What’s Keeping You Up at Night?

As if implementing the imperfect Affordable Care Act (ACA) and its demands on private and group practices (eg, training the front desk, collecting copays, determining deductibles, and identifying exchange patients) was not enough, many urologists—especially those not considering early retirement or leaving medicine altogether—are also examining the possibility of consolidating their practices via mergers or acquisitions. Faced with training staff for the transition to the International Statistical Classification of Diseases and Related Health Problems, Tenth Revision and avoiding heavy penalties for errors to partially fund the ACA, practices have to study and choose from an array of electronic medical records (EMRs) offerings and determine which is best for their respective practices.

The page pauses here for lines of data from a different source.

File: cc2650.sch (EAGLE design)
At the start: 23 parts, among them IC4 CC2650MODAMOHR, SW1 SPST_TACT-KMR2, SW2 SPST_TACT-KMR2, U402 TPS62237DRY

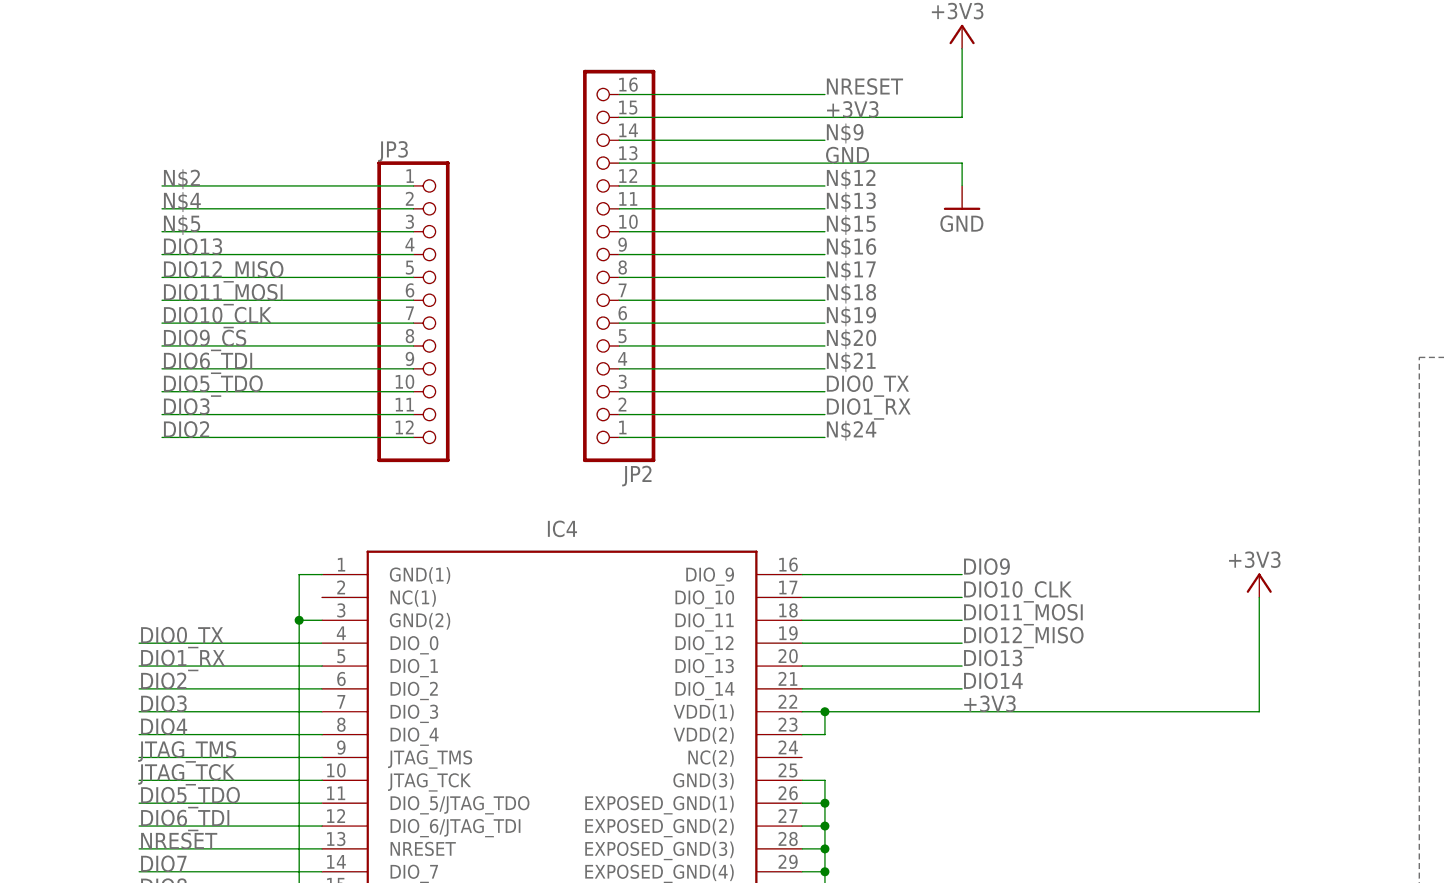
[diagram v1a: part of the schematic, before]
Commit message: changed pinout.
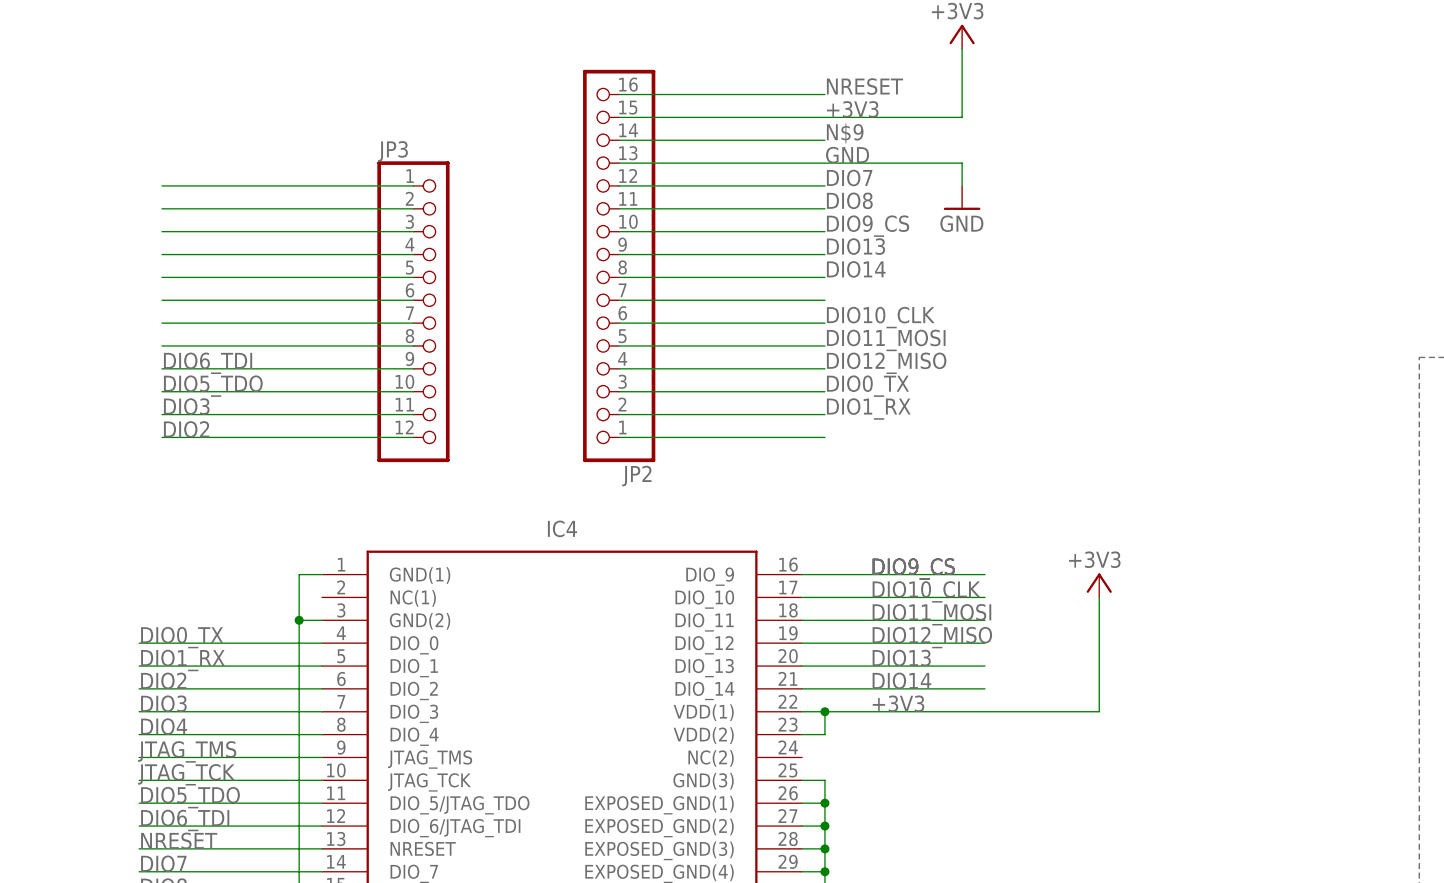
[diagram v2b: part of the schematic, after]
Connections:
- removed net DIO9: IC4.DIO_9
- removed net N$1: IC4.DIO_10
- removed net N$12: JP2.12
- removed net N$13: JP2.11
- removed net N$15: JP2.10
- removed net N$16: JP2.9
- removed net N$17: JP2.8
- removed net N$19: JP2.6
- removed net N$20: JP2.5
- removed net N$21: JP2.4
- net DIO10_CLK: now also IC4.DIO_10, JP2.6
- net DIO11_MOSI: now also JP2.5
- net DIO12_MISO: now also JP2.4
- net DIO13: now also JP2.9
- net DIO14: now also JP2.8
- net DIO7: now also JP2.12
- net DIO8: now also JP2.11
- net DIO9_CS: now also IC4.DIO_9, JP2.10
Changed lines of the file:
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@@
 <instance part="D1" gate="G$1" x="53.34" y="-10.16" rot="R90"/>
 <instance part="GND4" gate="1" x="35.56" y="-30.48"/>
-<instance part="+3V6" gate="G$1" x="0" y="7.62" smashed="yes">
-<attribute name="VALUE" x="2.54" y="10.16" size="1.778" layer="96" rot="R180"/>
+<instance part="+3V6" gate="G$1" x="-17.78" y="7.62" smashed="yes">
+<attribute name="VALUE" x="-15.24" y="10.16" size="1.778" layer="96" rot="R180"/>
 </instance>
 <instance part="GND5" gate="1" x="93.98" y="-76.2"/>
@@
 <segment>
 <pinref part="+3V6" gate="G$1" pin="+3V3"/>
-<wire x1="0" y1="5.08" x2="0" y2="-7.62" width="0.1524" layer="91"/>
+<wire x1="-17.78" y1="5.08" x2="-17.78" y2="-7.62" width="0.1524" layer="91"/>
 <pinref part="IC4" gate="G$1" pin="VDD(1)"/>
-<wire x1="0" y1="-7.62" x2="-48.26" y2="-7.62" width="0.1524" layer="91"/>
+<wire x1="-17.78" y1="-7.62" x2="-48.26" y2="-7.62" width="0.1524" layer="91"/>
 <pinref part="IC4" gate="G$1" pin="VDD(2)"/>
 <wire x1="-48.26" y1="-7.62" x2="-50.8" y2="-7.62" width="0.1524" layer="91"/>
@@
 <wire x1="-48.26" y1="-10.16" x2="-48.26" y2="-7.62" width="0.1524" layer="91"/>
 <junction x="-48.26" y="-7.62"/>
-<label x="-33.02" y="-7.62" size="1.778" layer="95"/>
+<label x="-43.18" y="-7.62" size="1.778" layer="95"/>
 </segment>
 <segment>
@@
 <label x="-124.46" y="-25.4" size="1.778" layer="95"/>
 </segment>
+<segment>
+<pinref part="JP2" gate="A" pin="12"/>
+<wire x1="-71.12" y1="50.8" x2="-48.26" y2="50.8" width="0.1524" layer="91"/>
+<label x="-48.26" y="50.8" size="1.778" layer="95"/>
+</segment>
 </net>
 <net name="DIO0_TX" class="0">
@@
 <net name="DIO10_CLK" class="0">
 <segment>
-<label x="-33.02" y="5.08" size="1.778" layer="95"/>
-</segment>
-<segment>
 <pinref part="JP3" gate="G$1" pin="7"/>
 <wire x1="-93.98" y1="35.56" x2="-121.92" y2="35.56" width="0.1524" layer="91"/>
-<label x="-121.92" y="35.56" size="1.778" layer="95"/>
+</segment>
+<segment>
+<pinref part="IC4" gate="G$1" pin="DIO_10"/>
+<wire x1="-50.8" y1="5.08" x2="-30.48" y2="5.08" width="0.1524" layer="91"/>
+<label x="-43.18" y="5.08" size="1.778" layer="95"/>
+</segment>
+<segment>
+<pinref part="JP2" gate="A" pin="6"/>
+<wire x1="-71.12" y1="35.56" x2="-48.26" y2="35.56" width="0.1524" layer="91"/>
+<label x="-48.26" y="35.56" size="1.778" layer="95"/>
 </segment>
 </net>
@@
 <pinref part="JP3" gate="G$1" pin="8"/>
 <wire x1="-93.98" y1="33.02" x2="-121.92" y2="33.02" width="0.1524" layer="91"/>
-<label x="-121.92" y="33.02" size="1.778" layer="95"/>
+</segment>
+<segment>
+<pinref part="IC4" gate="G$1" pin="DIO_9"/>
+<wire x1="-50.8" y1="7.62" x2="-30.48" y2="7.62" width="0.1524" layer="91"/>
+<label x="-43.18" y="7.62" size="1.778" layer="95"/>
+<label x="-43.18" y="7.62" size="1.778" layer="95"/>
+</segment>
+<segment>
+<pinref part="JP2" gate="A" pin="10"/>
+<wire x1="-71.12" y1="45.72" x2="-48.26" y2="45.72" width="0.1524" layer="91"/>
+<label x="-48.26" y="45.72" size="1.778" layer="95"/>
 </segment>
 </net>
@@
 <segment>
 <pinref part="IC4" gate="G$1" pin="DIO_12"/>
-<wire x1="-33.02" y1="0" x2="-50.8" y2="0" width="0.1524" layer="91"/>
-<label x="-33.02" y="0" size="1.778" layer="95"/>
+<wire x1="-30.48" y1="0" x2="-50.8" y2="0" width="0.1524" layer="91"/>
+<label x="-43.18" y="0" size="1.778" layer="95"/>
 </segment>
 <segment>
 <pinref part="JP3" gate="G$1" pin="5"/>
 <wire x1="-93.98" y1="40.64" x2="-121.92" y2="40.64" width="0.1524" layer="91"/>
-<label x="-121.92" y="40.64" size="1.778" layer="95"/>
+</segment>
+<segment>
+<pinref part="JP2" gate="A" pin="4"/>
+<wire x1="-71.12" y1="30.48" x2="-48.26" y2="30.48" width="0.1524" layer="91"/>
+<label x="-48.26" y="30.48" size="1.778" layer="95"/>
 </segment>
 </net>
@@
 <segment>
 <pinref part="IC4" gate="G$1" pin="DIO_13"/>
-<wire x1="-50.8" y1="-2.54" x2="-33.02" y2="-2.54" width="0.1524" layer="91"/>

As if this were still not enough, payer issues, designing and implementing inventory systems, benchmarking and identifying benchmarking sources, forming surgical specialty networks, and dealing with accountable care organization (ACO) penetration into the market are sure to steal some nights’ sleep from any conscientious practitioner. Who knew that practicing medicine would one day have required facility in accounting, office management, marketing, and insurance issues? Some of these topics were discussed at the 2013 Medical Group Management Association (MGMA) annual conference in San Diego, CA.

To Align or Not to Align
Some practices might be in the process of examining the possibility of aligning with another medical group and setting up a practice “without walls,” where physicians from one practice would be free to join physicians in another practice across town, while remaining in the same system; retaining fee schedules; sharing a common EMR program; and integrating finances, markets, and payer mixes. Practices without walls are becoming a healthcare delivery system preferred by a growing number of physicians. The model builds on the best features of a traditional group practice, retaining each physician’s autonomy and practice identity, while offering legal and financial protection for the professional staff. Problems might arise, however, if members do not share the same values and the same company culture.
A practice in Montana attempted to partner with a hospital while retaining some autonomy (ie, remaining independent, but being owned by the hospital system). The hospital eventually bought many of the surrounding practices. The fear was that all of this practice’s patients would ultimately be a part of the hospital system, giving the hospital the upper hand and obliterating further attempts for the practice to remain independent.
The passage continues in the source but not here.